(Data records)
= Beginning of Section =

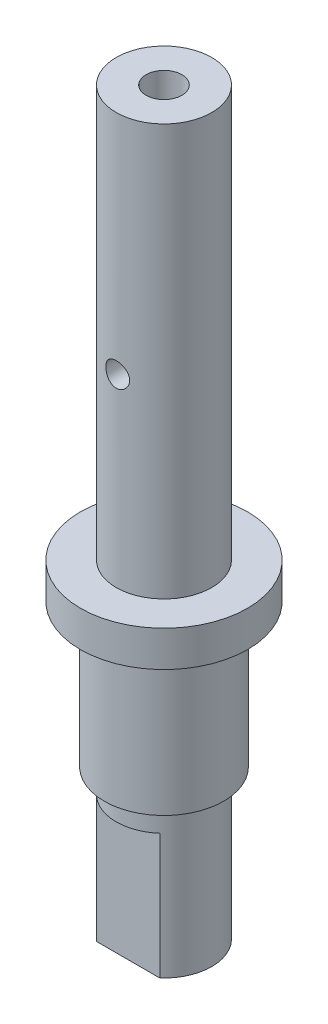
ISO-10303-21;
HEADER;
FILE_DESCRIPTION(('STEP AP214'),'2;1');
FILE_NAME('part.step','',(''),(''),'','','');
FILE_SCHEMA(('AUTOMOTIVE_DESIGN { 1 0 10303 214 1 1 1 1 }'));
ENDSEC;
DATA;
#1=APPLICATION_CONTEXT('core data for automotive mechanical design processes');
#2=APPLICATION_PROTOCOL_DEFINITION('international standard','automotive_design',2000,#1);
#3=PRODUCT_CONTEXT('',#1,'mechanical');
#4=PRODUCT('Part','Part','',(#3));
#5=PRODUCT_RELATED_PRODUCT_CATEGORY('part','',(#4));
#6=PRODUCT_DEFINITION_FORMATION('','',#4);
#7=PRODUCT_DEFINITION_CONTEXT('part definition',#1,'design');
#8=PRODUCT_DEFINITION('design','',#6,#7);
#9=PRODUCT_DEFINITION_SHAPE('','',#8);
#10=(LENGTH_UNIT() NAMED_UNIT(*) SI_UNIT(.MILLI.,.METRE.));
#11=(NAMED_UNIT(*) PLANE_ANGLE_UNIT() SI_UNIT($,.RADIAN.));
#12=(NAMED_UNIT(*) SI_UNIT($,.STERADIAN.) SOLID_ANGLE_UNIT());
#13=UNCERTAINTY_MEASURE_WITH_UNIT(LENGTH_MEASURE(1.E-05),#10,'distance_accuracy_value','');
#14=(GEOMETRIC_REPRESENTATION_CONTEXT(3) GLOBAL_UNCERTAINTY_ASSIGNED_CONTEXT((#13)) GLOBAL_UNIT_ASSIGNED_CONTEXT((#10,
#11,#12)) REPRESENTATION_CONTEXT('',''));
#15=CARTESIAN_POINT('',(0.,0.,0.));
#16=DIRECTION('',(0.,0.,1.));
#17=DIRECTION('',(1.,0.,0.));
#18=AXIS2_PLACEMENT_3D('',#15,#16,#17);
#19=CARTESIAN_POINT('',(0.,39.8,0.));
#20=DIRECTION('',(0.,-1.,0.));
#21=DIRECTION('',(0.,0.,-1.));
#22=AXIS2_PLACEMENT_3D('',#19,#20,#21);
#23=CYLINDRICAL_SURFACE('',#22,4.);
#24=CARTESIAN_POINT('',(0.,27.5,0.));
#25=DIRECTION('',(0.,1.,0.));
#26=DIRECTION('',(0.,0.,1.));
#27=AXIS2_PLACEMENT_3D('',#24,#25,#26);
#28=CIRCLE('',#27,4.);
#29=CARTESIAN_POINT('',(0.,27.5,4.));
#30=VERTEX_POINT('',#29);
#31=EDGE_CURVE('E74',#30,#30,#28,.T.);
#32=ORIENTED_EDGE('',*,*,#31,.T.);
#33=EDGE_LOOP('',(#32));
#34=FACE_BOUND('',#33,.T.);
#35=CARTESIAN_POINT('',(0.,61.963925,0.));
#36=DIRECTION('',(0.,1.,0.));
#37=DIRECTION('',(0.,0.,1.));
#38=AXIS2_PLACEMENT_3D('',#35,#36,#37);
#39=CIRCLE('',#38,4.);
#40=CARTESIAN_POINT('',(0.,61.963925,4.));
#41=VERTEX_POINT('',#40);
#42=EDGE_CURVE('E70',#41,#41,#39,.T.);
#43=ORIENTED_EDGE('',*,*,#42,.F.);
#44=EDGE_LOOP('',(#43));
#45=FACE_BOUND('',#44,.T.);
#46=CARTESIAN_POINT('',(-0.999999999999999,42.963925,3.87298334620742));
#47=CARTESIAN_POINT('',(-0.999998431438698,42.9087046996432,3.87298440057185));
#48=CARTESIAN_POINT('',(-0.995410498208068,42.8534670405686,3.87417722499278));
#49=CARTESIAN_POINT('',(-0.977209250194446,42.7445779687674,3.87880744892249));
#50=CARTESIAN_POINT('',(-0.963590682698078,42.69092749822,3.8822461547418));
#51=CARTESIAN_POINT('',(-0.927796479849635,42.5868035847122,3.89095489813012));
#52=CARTESIAN_POINT('',(-0.905631891140942,42.5363261378422,3.8962225706936));
#53=CARTESIAN_POINT('',(-0.853408456505405,42.4398006589875,3.90799276818327));
#54=CARTESIAN_POINT('',(-0.823349275424504,42.3937528151688,3.91449534553241));
#55=CARTESIAN_POINT('',(-0.755483370924518,42.3063803418942,3.92816286540368));
#56=CARTESIAN_POINT('',(-0.717534755081559,42.2651675598597,3.93533839048709));
#57=CARTESIAN_POINT('',(-0.635272825640329,42.1896204422561,3.94945150206622));
#58=CARTESIAN_POINT('',(-0.590958917672139,42.1552867497514,3.95638906626691));
#59=CARTESIAN_POINT('',(-0.496458080431564,42.0940148129474,3.96936166208095));
#60=CARTESIAN_POINT('',(-0.446197830478043,42.0671864447354,3.975382749602));
#61=CARTESIAN_POINT('',(-0.34170527371711,42.0224011423388,3.9857232477043));
#62=CARTESIAN_POINT('',(-0.287473554316778,42.0044428992338,3.99004290933747));
#63=CARTESIAN_POINT('',(-0.177743503501665,41.9782658661686,3.99641903539262));
#64=CARTESIAN_POINT('',(-0.122293087819592,41.9698571422694,3.99851957537723));
#65=CARTESIAN_POINT('',(-0.0107315277051112,41.9624216482898,4.00037437642922));
#66=CARTESIAN_POINT('',(0.0453795178152241,41.9633934911162,4.00012898438682));
#67=CARTESIAN_POINT('',(0.155352247172384,41.9745549401001,3.99735237981413));
#68=CARTESIAN_POINT('',(0.209236215601063,41.9845395300215,3.99487200936349));
#69=CARTESIAN_POINT('',(0.314538247413683,42.0131135080194,3.98796334609942));
#70=CARTESIAN_POINT('',(0.365956179370436,42.031703354151,3.98353494959376));
#71=CARTESIAN_POINT('',(0.465406703501805,42.0771260282748,3.97315003880358));
#72=CARTESIAN_POINT('',(0.513404509766502,42.1040318178647,3.96718007878021));
#73=CARTESIAN_POINT('',(0.604275622340485,42.1652672716465,3.9543596152386));
#74=CARTESIAN_POINT('',(0.647148035085503,42.1995982274242,3.94750895860996));
#75=CARTESIAN_POINT('',(0.727774035084955,42.2758084967929,3.93345485507808));
#76=CARTESIAN_POINT('',(0.765357679075198,42.3178669569391,3.92624687810367));
#77=CARTESIAN_POINT('',(0.832976375963017,42.4077649894161,3.91246017406682));
#78=CARTESIAN_POINT('',(0.863011076046014,42.4556048317964,3.90588147642388));
#79=CARTESIAN_POINT('',(0.914788129022598,42.5560410136596,3.89408198732659));
#80=CARTESIAN_POINT('',(0.936489566970494,42.6086592921253,3.88886793490288));
#81=CARTESIAN_POINT('',(0.970685620636344,42.7169591872306,3.88047456055983));
#82=CARTESIAN_POINT('',(0.983182206552912,42.7726401455933,3.87729480324087));
#83=CARTESIAN_POINT('',(0.998331855466071,42.8839088006092,3.87342142415656));
#84=CARTESIAN_POINT('',(1.00123618956785,42.9394601173318,3.87266435637459));
#85=CARTESIAN_POINT('',(0.99780679620622,43.0502537746313,3.87354937392416));
#86=CARTESIAN_POINT('',(0.991473919139522,43.1054961431805,3.87519123840506));
#87=CARTESIAN_POINT('',(0.969970185575067,43.2131707059819,3.88062832781824));
#88=CARTESIAN_POINT('',(0.9549456273127,43.2656340906283,3.8843878809375));
#89=CARTESIAN_POINT('',(0.91664723266825,43.3672975831407,3.89360287308385));
#90=CARTESIAN_POINT('',(0.893372419085019,43.4164973036221,3.89905851299445));
#91=CARTESIAN_POINT('',(0.838708267174625,43.5113015111469,3.91118454837305));
#92=CARTESIAN_POINT('',(0.807168701534254,43.5568165360172,3.91787667442657));
#93=CARTESIAN_POINT('',(0.737060292934457,43.6420003451205,3.93166833228686));
#94=CARTESIAN_POINT('',(0.698490294805439,43.68166816666,3.93876793091388));
#95=CARTESIAN_POINT('',(0.614262720984725,43.7550494170284,3.95278961212643));
#96=CARTESIAN_POINT('',(0.568451952531593,43.7885890250195,3.95970280824734));
#97=CARTESIAN_POINT('',(0.471702682694678,43.8474993467805,3.97238886645493));
#98=CARTESIAN_POINT('',(0.420764448957596,43.8728704866433,3.97816178801584));
#99=CARTESIAN_POINT('',(0.315558201731097,43.9145034138112,3.98788046295326));
#100=CARTESIAN_POINT('',(0.261317381027888,43.9308307137516,3.99183932008964));
#101=CARTESIAN_POINT('',(0.150749760318813,43.9541091338434,3.99754117358315));
#102=CARTESIAN_POINT('',(0.0944233650412474,43.9610620634956,3.99928459757363));
#103=CARTESIAN_POINT('',(-0.0170835264433233,43.9652925895755,4.00034169408811));
#104=CARTESIAN_POINT('',(-0.0722538269660297,43.9628267090954,3.99971978880008));
#105=CARTESIAN_POINT('',(-0.181367496414736,43.9488771727057,3.99625896457423));
#106=CARTESIAN_POINT('',(-0.235310901780882,43.9373937849869,3.99342011157094));
#107=CARTESIAN_POINT('',(-0.340171035644812,43.9058727802291,3.98585432853963));
#108=CARTESIAN_POINT('',(-0.391102494581015,43.8858815466854,3.98113764502669));
#109=CARTESIAN_POINT('',(-0.488917053041464,43.8379544209807,3.97031288913382));
#110=CARTESIAN_POINT('',(-0.535799641265047,43.8100175273304,3.96420464137727));
#111=CARTESIAN_POINT('',(-0.625401928423896,43.7462097660029,3.95107249681342));
#112=CARTESIAN_POINT('',(-0.667994988300582,43.7101648570926,3.94403016945647));
#113=CARTESIAN_POINT('',(-0.746615020271248,43.6315021480262,3.92990649053207));
#114=CARTESIAN_POINT('',(-0.782640325068175,43.5888826839021,3.92282512952424));
#115=CARTESIAN_POINT('',(-0.847762026479237,43.4973235857987,3.90927475860683));
#116=CARTESIAN_POINT('',(-0.876716619446589,43.4482808765875,3.90281963730391));
#117=CARTESIAN_POINT('',(-0.925926896615618,43.3458695100772,3.8914395555011));
#118=CARTESIAN_POINT('',(-0.946188909759554,43.2925040338927,3.88651348244814));
#119=CARTESIAN_POINT('',(-0.97442252856557,43.1933479881737,3.87951908741315));
#120=CARTESIAN_POINT('',(-0.983993170595827,43.1480318356176,3.87708663005761));
#121=CARTESIAN_POINT('',(-0.996782292572818,43.0564561309985,3.87381838580358));
#122=CARTESIAN_POINT('',(-1.00000131437052,43.0101966597494,3.87298246270639));
#123=CARTESIAN_POINT('',(-0.999999999999999,42.963925,3.87298334620742));
#124=B_SPLINE_CURVE_WITH_KNOTS('',3,(#46,#47,#48,#49,#50,#51,#52,#53,#54,#55,#56,#57,#58,#59,
#60,#61,#62,#63,#64,#65,#66,#67,#68,#69,#70,#71,#72,#73,#74,#75,#76,#77,#78,#79,#80,#81,#82,#83,
#84,#85,#86,#87,#88,#89,#90,#91,#92,#93,#94,#95,#96,#97,#98,#99,#100,#101,#102,#103,#104,#105,
#106,#107,#108,#109,#110,#111,#112,#113,#114,#115,#116,#117,#118,#119,#120,#121,#122,#123),
.UNSPECIFIED.,.T.,.F.,(4,2,2,2,2,2,2,2,2,2,2,2,2,2,2,2,2,2,2,2,2,2,2,2,2,2,2,2,2,2,2,2,2,2,2,2,
2,2,4),(0.,0.165490976675223,0.331078296534208,0.496452290829153,0.66183330698466,
0.830495816734646,0.999174085882211,1.17020598555442,1.34121263935111,1.50875500394413,
1.67627259462682,1.84007305071853,2.00388222686188,2.16917149698052,2.33448954183839,
2.50428186625039,2.67408212476195,2.84470572799636,3.01529280048094,3.18137429900961,
3.34744050869795,3.51078961999958,3.67415808564842,3.84073138339938,4.00733207550293,
4.17810132382402,4.34886166284095,4.51836829119046,4.6878421955989,4.85273378447257,
5.01762046947067,5.18161950620159,5.34563922291503,5.51358838629103,5.68158012622478,
5.85270590910145,6.02370688542922,6.16239130867207,6.30106390036083),.UNSPECIFIED.);
#125=CARTESIAN_POINT('',(-0.999999999999999,42.963925,3.87298334620742));
#126=VERTEX_POINT('',#125);
#127=EDGE_CURVE('E83',#126,#126,#124,.T.);
#128=ORIENTED_EDGE('',*,*,#127,.F.);
#129=EDGE_LOOP('',(#128));
#130=FACE_BOUND('',#129,.T.);
#131=CARTESIAN_POINT('',(0.,43.963925,-4.));
#132=CARTESIAN_POINT('',(0.055250725779821,43.9639234495079,-3.99999906578675));
#133=CARTESIAN_POINT('',(0.110518771887176,43.9593306328175,-3.99884385421219));
#134=CARTESIAN_POINT('',(0.219470882513689,43.941108232462,-3.99434742553261));
#135=CARTESIAN_POINT('',(0.27315403124716,43.9274735269748,-3.99100496946646));
#136=CARTESIAN_POINT('',(0.37734724812172,43.8916321643586,-3.98250417554693));
#137=CARTESIAN_POINT('',(0.427861042286672,43.8694358008565,-3.97734801894724));
#138=CARTESIAN_POINT('',(0.524448087936288,43.8171374066368,-3.96576895871729));
#139=CARTESIAN_POINT('',(0.570521189565842,43.787035109254,-3.95934601236034));
#140=CARTESIAN_POINT('',(0.657867951533948,43.7191244735639,-3.94578275727868));
#141=CARTESIAN_POINT('',(0.699037126707383,43.6811839500272,-3.93863138099022));
#142=CARTESIAN_POINT('',(0.774499284802205,43.5989568633941,-3.92449080078353));
#143=CARTESIAN_POINT('',(0.808791491299426,43.5546695847023,-3.91750161525566));
#144=CARTESIAN_POINT('',(0.870017695199358,43.4601948488417,-3.9043651713314));
#145=CARTESIAN_POINT('',(0.896834810616906,43.4099295127931,-3.89823196313737));
#146=CARTESIAN_POINT('',(0.941597939033686,43.3054260588944,-3.88766329874815));
#147=CARTESIAN_POINT('',(0.95954537029289,43.2511885777828,-3.88322757115193));
#148=CARTESIAN_POINT('',(0.985703224536196,43.1414293345317,-3.87666984478367));
#149=CARTESIAN_POINT('',(0.994101512222228,43.0859550693001,-3.87450327383617));
#150=CARTESIAN_POINT('',(1.00150785004524,42.9743459539907,-3.8725957502516));
#151=CARTESIAN_POINT('',(1.00051742787865,42.9182112128676,-3.87285440299096));
#152=CARTESIAN_POINT('',(0.989324349759521,42.8083144615037,-3.87572803664412));
#153=CARTESIAN_POINT('',(0.979345560127014,42.7545279190233,-3.87828575334586));
#154=CARTESIAN_POINT('',(0.950816124602071,42.6494176327258,-3.88537806450989));
#155=CARTESIAN_POINT('',(0.932264868046283,42.5980940646473,-3.88991279980464));
#156=CARTESIAN_POINT('',(0.88692631862477,42.4987663224986,-3.90050075936124));
#157=CARTESIAN_POINT('',(0.860057778155274,42.4508008854736,-3.90656884979614));
#158=CARTESIAN_POINT('',(0.798904184009969,42.3599791934954,-3.91953140564257));
#159=CARTESIAN_POINT('',(0.764617832539225,42.3171238346218,-3.9264260155649));
#160=CARTESIAN_POINT('',(0.68844228312081,42.2364559228704,-3.94050587026521));
#161=CARTESIAN_POINT('',(0.646364172110572,42.1988220066258,-3.94769379651981));
#162=CARTESIAN_POINT('',(0.556407945002466,42.1311108383574,-3.96137310385857));
#163=CARTESIAN_POINT('',(0.508529651805295,42.1010338171576,-3.96786446366277));
#164=CARTESIAN_POINT('',(0.408077259120927,42.0492246091837,-3.97945154729455));
#165=CARTESIAN_POINT('',(0.355487595472416,42.0275214398304,-3.9845424008515));
#166=CARTESIAN_POINT('',(0.247250672095256,41.9933134628603,-3.99271944660946));
#167=CARTESIAN_POINT('',(0.191603999433656,41.9808068957212,-3.99580602226187));
#168=CARTESIAN_POINT('',(0.0803599802600171,41.9656199562941,-3.9995699951425));
#169=CARTESIAN_POINT('',(0.0247978133254725,41.9626963159498,-4.00030702338852));
#170=CARTESIAN_POINT('',(-0.0860219165343391,41.9660910013703,-3.999458698763));
#171=CARTESIAN_POINT('',(-0.14127950642973,41.9724084951994,-3.99787355494564));
#172=CARTESIAN_POINT('',(-0.249076179184328,41.9939056055943,-3.99259720751571));
#173=CARTESIAN_POINT('',(-0.301643412645837,42.0089525089847,-3.98893756123874));
#174=CARTESIAN_POINT('',(-0.403504861635007,42.0473297226856,-3.97992471089423));
#175=CARTESIAN_POINT('',(-0.452798746021756,42.0706608695421,-3.97457133579928));
#176=CARTESIAN_POINT('',(-0.547682089619897,42.1254157525831,-3.96262205284207));
#177=CARTESIAN_POINT('',(-0.593190294557219,42.1569757415978,-3.95600578244621));
#178=CARTESIAN_POINT('',(-0.678351075762163,42.2271182725313,-3.94229672791613));
#179=CARTESIAN_POINT('',(-0.718002639315338,42.2657020264113,-3.93520386167803));
#180=CARTESIAN_POINT('',(-0.79132704538182,42.3499263072296,-3.92112637973847));
#181=CARTESIAN_POINT('',(-0.824829245081353,42.3957168020016,-3.91414869458187));
#182=CARTESIAN_POINT('',(-0.883673839341797,42.4924134229771,-3.90128585584826));
#183=CARTESIAN_POINT('',(-0.909016596105291,42.5433193219732,-3.89540065378017));
#184=CARTESIAN_POINT('',(-0.950634280406194,42.648528814942,-3.88545396489777));
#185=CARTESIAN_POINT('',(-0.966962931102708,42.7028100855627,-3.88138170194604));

= End of Section =

_Problem to solve_
Which lines in the data above hold the string "mechanical"? Show each one.

_Solution for this problem_
#1=APPLICATION_CONTEXT('core data for automotive mechanical design processes');
#3=PRODUCT_CONTEXT('',#1,'mechanical');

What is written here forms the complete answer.